**EXERCISE DIRECTIONS**
Starting with the line that contains "H1, H2, H3, H4, H5: STAND-OFF" and stopping after the line that contains "Q1, Q2, Q3: SOT23-3", copy the entries below exactly. Include nothing else.

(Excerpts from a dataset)
######
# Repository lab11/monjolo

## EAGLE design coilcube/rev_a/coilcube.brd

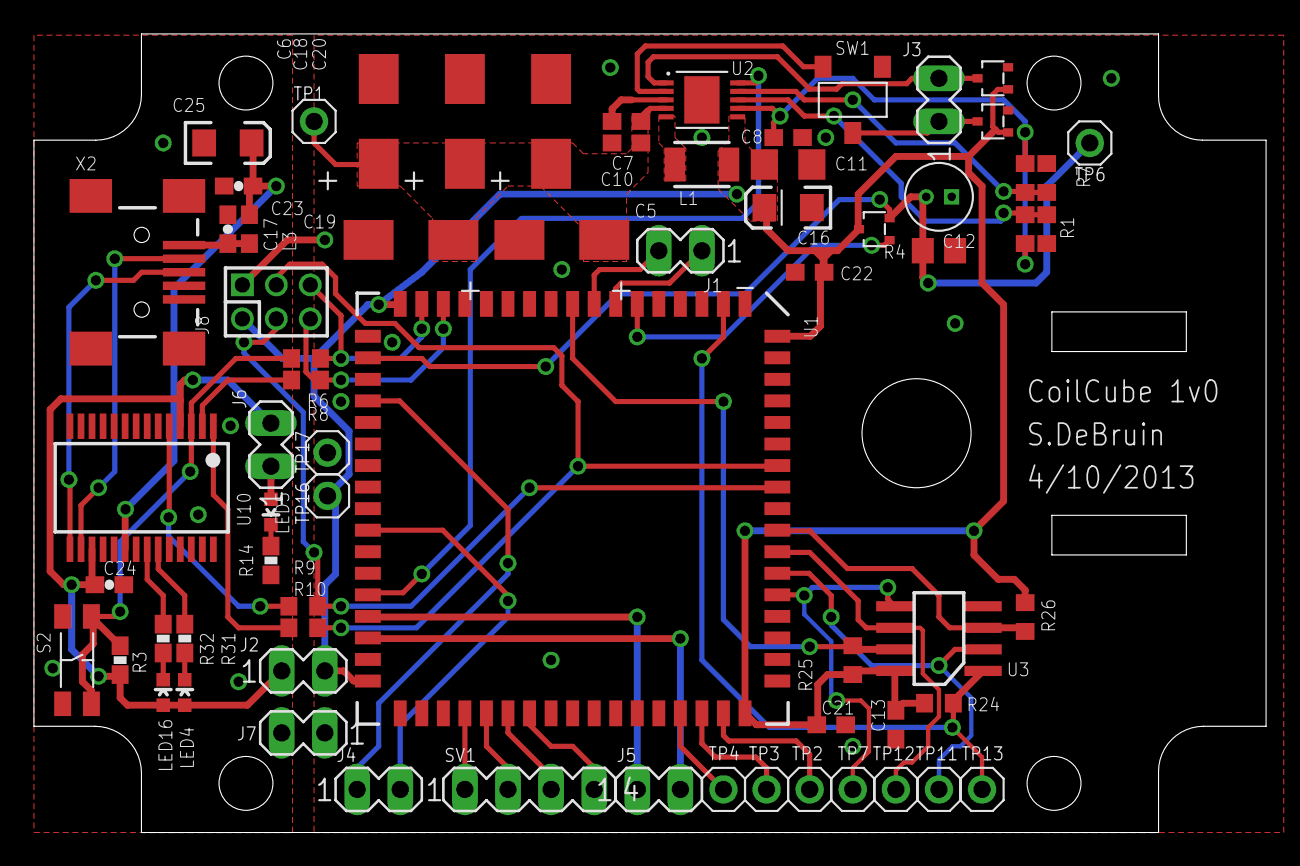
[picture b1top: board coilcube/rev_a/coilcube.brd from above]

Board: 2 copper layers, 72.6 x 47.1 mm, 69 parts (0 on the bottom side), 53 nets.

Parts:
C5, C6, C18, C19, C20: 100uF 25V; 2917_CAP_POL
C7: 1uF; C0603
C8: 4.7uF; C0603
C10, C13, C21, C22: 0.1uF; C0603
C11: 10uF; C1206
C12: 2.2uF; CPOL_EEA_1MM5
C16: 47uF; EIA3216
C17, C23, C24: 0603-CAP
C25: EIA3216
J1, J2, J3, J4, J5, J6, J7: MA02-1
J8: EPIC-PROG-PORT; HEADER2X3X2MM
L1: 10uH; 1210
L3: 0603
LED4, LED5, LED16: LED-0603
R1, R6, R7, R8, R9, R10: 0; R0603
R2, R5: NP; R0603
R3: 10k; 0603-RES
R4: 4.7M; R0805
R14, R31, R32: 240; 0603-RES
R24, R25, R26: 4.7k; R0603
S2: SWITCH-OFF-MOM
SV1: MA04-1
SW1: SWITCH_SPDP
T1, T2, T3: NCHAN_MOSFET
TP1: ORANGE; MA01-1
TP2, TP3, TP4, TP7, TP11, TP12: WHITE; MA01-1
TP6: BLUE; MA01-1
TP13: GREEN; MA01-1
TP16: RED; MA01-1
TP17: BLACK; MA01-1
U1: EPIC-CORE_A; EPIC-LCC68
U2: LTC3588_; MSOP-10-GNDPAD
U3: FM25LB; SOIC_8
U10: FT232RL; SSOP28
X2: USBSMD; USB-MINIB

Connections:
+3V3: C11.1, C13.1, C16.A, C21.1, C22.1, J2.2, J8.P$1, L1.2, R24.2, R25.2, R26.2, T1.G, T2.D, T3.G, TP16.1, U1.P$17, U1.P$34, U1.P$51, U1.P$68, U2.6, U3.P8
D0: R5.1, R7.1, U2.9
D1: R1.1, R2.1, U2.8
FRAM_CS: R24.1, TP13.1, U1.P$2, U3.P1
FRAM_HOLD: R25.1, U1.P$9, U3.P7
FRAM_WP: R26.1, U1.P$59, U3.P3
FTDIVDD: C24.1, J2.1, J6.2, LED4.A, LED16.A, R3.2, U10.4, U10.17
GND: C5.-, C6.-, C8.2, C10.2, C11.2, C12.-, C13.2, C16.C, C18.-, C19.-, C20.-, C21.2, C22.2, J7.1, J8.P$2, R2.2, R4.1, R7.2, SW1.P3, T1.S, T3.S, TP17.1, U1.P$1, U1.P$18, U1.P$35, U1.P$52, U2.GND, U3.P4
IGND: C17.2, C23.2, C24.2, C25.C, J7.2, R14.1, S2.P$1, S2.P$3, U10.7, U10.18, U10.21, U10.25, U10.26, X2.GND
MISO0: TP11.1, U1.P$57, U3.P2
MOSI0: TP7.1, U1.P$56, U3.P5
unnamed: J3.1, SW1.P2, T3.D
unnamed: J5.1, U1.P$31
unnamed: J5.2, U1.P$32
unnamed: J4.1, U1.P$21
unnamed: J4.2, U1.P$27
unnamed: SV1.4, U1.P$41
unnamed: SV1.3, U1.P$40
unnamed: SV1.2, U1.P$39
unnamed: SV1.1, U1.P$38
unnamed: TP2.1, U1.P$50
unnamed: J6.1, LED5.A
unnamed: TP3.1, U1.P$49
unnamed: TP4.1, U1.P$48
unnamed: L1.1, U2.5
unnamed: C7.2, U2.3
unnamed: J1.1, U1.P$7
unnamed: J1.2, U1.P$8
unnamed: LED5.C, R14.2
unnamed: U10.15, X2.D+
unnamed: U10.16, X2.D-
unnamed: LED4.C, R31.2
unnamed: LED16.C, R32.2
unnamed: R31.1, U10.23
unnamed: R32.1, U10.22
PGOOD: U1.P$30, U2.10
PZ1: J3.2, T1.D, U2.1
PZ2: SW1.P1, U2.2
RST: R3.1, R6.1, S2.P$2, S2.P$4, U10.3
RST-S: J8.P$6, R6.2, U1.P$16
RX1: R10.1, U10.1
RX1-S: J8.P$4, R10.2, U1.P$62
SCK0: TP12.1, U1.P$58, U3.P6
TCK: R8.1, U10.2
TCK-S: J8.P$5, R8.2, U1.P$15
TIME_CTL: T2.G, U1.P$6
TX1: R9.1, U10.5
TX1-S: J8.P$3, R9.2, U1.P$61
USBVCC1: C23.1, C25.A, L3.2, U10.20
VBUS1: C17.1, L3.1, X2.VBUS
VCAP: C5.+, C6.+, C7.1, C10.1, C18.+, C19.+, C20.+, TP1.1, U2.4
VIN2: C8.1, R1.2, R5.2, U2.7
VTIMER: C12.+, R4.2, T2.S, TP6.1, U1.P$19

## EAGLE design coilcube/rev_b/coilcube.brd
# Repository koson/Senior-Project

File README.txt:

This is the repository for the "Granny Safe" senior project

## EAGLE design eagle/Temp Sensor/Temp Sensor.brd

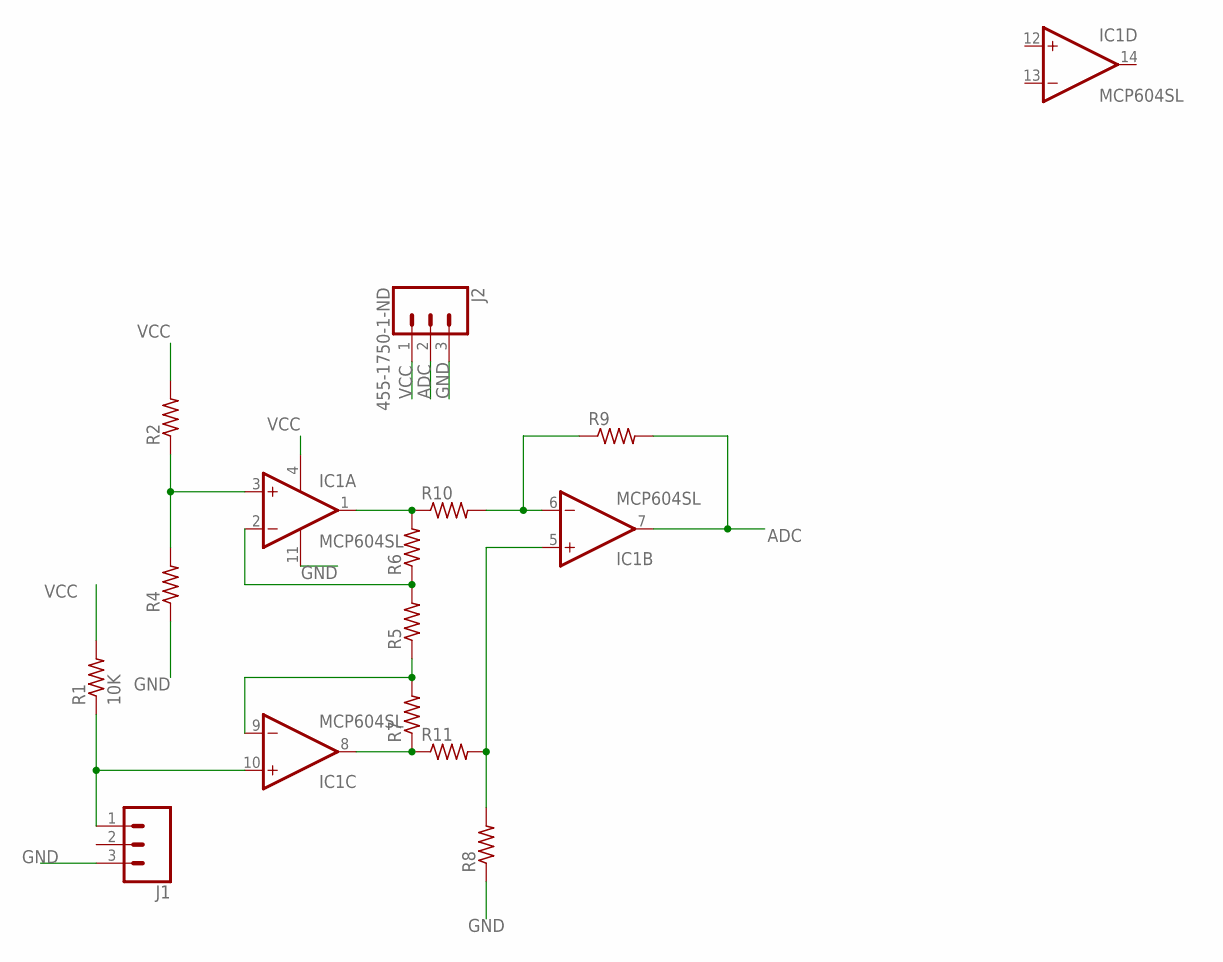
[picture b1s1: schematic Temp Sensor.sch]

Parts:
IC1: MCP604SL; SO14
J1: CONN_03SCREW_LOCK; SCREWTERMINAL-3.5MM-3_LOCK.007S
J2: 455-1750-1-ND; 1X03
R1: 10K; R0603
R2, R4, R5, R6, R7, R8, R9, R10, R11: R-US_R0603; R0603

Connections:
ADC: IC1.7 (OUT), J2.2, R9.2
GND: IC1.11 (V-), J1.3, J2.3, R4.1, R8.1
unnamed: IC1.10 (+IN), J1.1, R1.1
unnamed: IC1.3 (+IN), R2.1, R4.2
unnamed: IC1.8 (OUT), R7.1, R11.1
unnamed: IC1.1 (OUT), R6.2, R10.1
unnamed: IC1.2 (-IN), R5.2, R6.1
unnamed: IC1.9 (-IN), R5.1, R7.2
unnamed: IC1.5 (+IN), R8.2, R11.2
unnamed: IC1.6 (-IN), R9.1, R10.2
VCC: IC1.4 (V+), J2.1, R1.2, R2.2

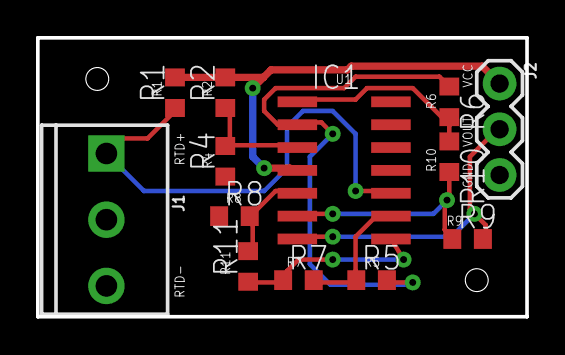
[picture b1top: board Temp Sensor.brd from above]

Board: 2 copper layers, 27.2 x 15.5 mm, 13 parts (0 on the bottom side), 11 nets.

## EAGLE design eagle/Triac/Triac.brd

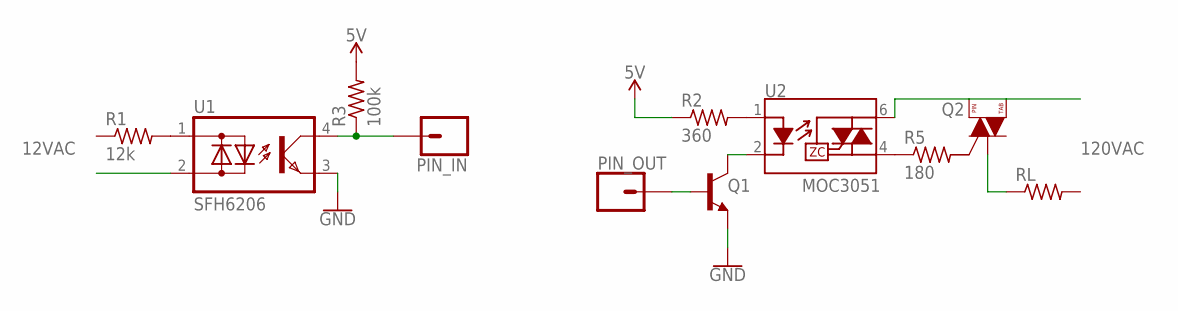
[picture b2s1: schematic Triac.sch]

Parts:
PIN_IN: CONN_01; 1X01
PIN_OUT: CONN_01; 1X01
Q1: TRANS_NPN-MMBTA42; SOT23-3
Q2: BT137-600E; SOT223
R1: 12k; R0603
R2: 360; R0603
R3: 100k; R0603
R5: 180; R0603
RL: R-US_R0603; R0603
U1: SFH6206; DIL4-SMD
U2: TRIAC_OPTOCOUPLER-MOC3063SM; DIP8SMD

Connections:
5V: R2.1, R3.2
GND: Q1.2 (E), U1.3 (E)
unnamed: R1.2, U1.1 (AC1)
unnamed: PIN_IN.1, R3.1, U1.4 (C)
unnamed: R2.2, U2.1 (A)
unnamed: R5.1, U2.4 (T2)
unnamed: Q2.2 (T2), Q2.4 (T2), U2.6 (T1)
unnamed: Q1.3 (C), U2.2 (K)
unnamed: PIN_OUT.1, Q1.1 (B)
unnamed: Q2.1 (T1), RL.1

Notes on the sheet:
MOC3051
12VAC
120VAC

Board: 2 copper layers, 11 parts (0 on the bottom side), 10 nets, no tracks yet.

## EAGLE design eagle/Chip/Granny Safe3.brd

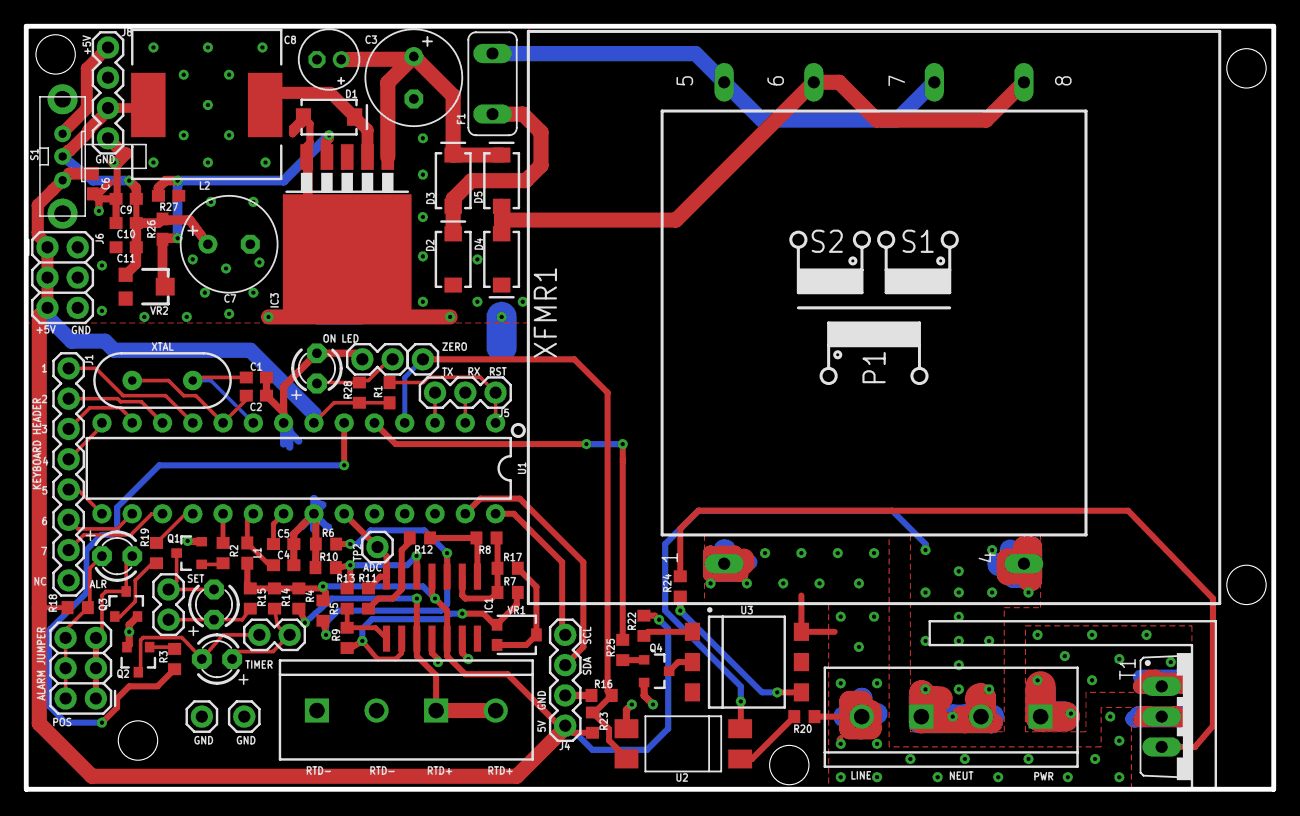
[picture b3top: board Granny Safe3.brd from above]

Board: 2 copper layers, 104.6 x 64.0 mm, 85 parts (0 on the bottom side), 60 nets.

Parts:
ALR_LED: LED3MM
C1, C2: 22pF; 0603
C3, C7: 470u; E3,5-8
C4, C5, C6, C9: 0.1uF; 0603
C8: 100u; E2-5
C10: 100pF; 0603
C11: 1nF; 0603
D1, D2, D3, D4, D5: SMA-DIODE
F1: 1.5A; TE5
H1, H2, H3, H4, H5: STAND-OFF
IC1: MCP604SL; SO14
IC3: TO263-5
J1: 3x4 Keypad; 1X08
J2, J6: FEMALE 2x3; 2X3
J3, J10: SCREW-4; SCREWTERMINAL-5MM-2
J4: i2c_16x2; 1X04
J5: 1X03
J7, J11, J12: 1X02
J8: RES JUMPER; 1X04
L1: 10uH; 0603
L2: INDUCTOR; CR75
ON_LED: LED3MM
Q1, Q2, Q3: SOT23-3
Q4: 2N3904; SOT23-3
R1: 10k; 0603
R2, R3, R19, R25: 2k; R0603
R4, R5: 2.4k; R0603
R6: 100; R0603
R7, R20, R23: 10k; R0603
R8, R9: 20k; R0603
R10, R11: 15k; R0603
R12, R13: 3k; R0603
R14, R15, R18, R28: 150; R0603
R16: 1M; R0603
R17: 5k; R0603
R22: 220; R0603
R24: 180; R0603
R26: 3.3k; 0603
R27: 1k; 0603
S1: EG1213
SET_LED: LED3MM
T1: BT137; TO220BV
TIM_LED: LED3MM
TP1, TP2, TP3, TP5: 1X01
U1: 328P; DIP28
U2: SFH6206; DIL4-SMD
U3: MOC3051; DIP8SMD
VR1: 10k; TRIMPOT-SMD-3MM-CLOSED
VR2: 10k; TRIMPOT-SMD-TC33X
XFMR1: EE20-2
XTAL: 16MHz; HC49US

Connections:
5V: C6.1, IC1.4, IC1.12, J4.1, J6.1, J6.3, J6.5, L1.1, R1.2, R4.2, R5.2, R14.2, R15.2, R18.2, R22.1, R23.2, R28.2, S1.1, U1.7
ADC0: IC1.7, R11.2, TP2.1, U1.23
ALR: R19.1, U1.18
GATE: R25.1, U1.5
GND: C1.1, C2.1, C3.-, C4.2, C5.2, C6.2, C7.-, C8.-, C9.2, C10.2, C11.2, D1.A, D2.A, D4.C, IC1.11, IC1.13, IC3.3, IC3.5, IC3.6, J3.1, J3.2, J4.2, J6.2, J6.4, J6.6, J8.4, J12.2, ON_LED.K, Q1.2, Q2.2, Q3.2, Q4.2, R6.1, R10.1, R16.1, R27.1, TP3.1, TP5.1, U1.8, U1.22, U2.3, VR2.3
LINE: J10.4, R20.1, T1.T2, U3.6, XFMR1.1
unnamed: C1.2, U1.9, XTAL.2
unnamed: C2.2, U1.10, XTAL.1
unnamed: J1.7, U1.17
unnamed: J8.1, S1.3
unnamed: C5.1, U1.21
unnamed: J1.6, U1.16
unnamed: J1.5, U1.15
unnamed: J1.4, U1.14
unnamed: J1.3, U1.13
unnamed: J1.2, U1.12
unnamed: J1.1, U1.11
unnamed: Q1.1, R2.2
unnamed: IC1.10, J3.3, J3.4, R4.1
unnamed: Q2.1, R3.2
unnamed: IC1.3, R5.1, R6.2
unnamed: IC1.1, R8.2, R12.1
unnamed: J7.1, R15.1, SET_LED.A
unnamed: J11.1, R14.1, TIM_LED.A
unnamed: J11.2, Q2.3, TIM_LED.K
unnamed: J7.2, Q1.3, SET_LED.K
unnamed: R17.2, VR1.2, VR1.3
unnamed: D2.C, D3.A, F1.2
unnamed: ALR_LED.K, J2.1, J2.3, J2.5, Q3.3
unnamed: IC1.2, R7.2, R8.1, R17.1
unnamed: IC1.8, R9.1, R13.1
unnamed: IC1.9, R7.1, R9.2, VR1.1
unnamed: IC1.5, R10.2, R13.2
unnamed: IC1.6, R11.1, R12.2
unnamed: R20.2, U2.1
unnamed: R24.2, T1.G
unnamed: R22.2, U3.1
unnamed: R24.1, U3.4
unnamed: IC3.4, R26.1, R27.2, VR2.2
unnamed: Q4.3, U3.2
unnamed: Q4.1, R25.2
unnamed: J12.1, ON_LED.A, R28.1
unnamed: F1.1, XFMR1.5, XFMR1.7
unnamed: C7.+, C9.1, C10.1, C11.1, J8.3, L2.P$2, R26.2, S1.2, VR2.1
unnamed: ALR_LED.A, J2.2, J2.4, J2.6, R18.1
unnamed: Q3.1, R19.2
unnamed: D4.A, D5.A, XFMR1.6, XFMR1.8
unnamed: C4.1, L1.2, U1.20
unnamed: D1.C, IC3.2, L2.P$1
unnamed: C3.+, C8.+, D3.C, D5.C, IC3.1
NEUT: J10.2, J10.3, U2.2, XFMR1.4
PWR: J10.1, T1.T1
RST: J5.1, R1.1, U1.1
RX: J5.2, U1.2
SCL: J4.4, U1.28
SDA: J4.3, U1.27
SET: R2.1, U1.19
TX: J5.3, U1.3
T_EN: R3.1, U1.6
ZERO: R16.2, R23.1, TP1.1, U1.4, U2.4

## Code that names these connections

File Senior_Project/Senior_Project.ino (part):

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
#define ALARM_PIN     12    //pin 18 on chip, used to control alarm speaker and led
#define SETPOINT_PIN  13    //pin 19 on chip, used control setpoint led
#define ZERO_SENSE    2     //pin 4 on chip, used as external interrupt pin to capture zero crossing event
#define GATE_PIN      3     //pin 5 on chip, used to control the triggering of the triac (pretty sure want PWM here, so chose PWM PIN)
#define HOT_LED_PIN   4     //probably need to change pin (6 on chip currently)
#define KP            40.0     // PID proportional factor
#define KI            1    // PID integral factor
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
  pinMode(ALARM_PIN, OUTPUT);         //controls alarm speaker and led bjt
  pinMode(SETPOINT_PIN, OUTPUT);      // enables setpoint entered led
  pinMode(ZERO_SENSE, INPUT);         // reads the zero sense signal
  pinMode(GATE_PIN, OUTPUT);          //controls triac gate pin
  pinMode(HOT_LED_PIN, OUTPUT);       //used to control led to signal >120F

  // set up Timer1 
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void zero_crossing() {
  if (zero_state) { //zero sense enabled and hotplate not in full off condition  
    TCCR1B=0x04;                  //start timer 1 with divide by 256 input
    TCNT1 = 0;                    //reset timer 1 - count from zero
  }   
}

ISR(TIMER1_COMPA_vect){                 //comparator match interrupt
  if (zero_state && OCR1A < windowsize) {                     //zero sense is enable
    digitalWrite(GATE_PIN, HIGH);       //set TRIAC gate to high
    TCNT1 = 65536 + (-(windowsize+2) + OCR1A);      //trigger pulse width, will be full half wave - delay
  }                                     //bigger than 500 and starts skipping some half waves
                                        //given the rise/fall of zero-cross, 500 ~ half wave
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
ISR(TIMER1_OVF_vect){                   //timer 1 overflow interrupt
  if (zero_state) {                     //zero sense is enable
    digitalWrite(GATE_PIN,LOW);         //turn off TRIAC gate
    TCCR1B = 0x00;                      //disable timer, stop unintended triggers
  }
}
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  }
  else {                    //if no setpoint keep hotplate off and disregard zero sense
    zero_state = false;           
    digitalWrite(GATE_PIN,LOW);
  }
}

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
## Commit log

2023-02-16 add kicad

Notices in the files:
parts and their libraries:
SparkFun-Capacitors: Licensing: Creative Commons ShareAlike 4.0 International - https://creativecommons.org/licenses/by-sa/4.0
######
**WORKED SOLUTION**
H1, H2, H3, H4, H5: STAND-OFF
IC1: MCP604SL; SO14
IC3: TO263-5
J1: 3x4 Keypad; 1X08
J2, J6: FEMALE 2x3; 2X3
J3, J10: SCREW-4; SCREWTERMINAL-5MM-2
J4: i2c_16x2; 1X04
J5: 1X03
J7, J11, J12: 1X02
J8: RES JUMPER; 1X04
L1: 10uH; 0603
L2: INDUCTOR; CR75
ON_LED: LED3MM
Q1, Q2, Q3: SOT23-3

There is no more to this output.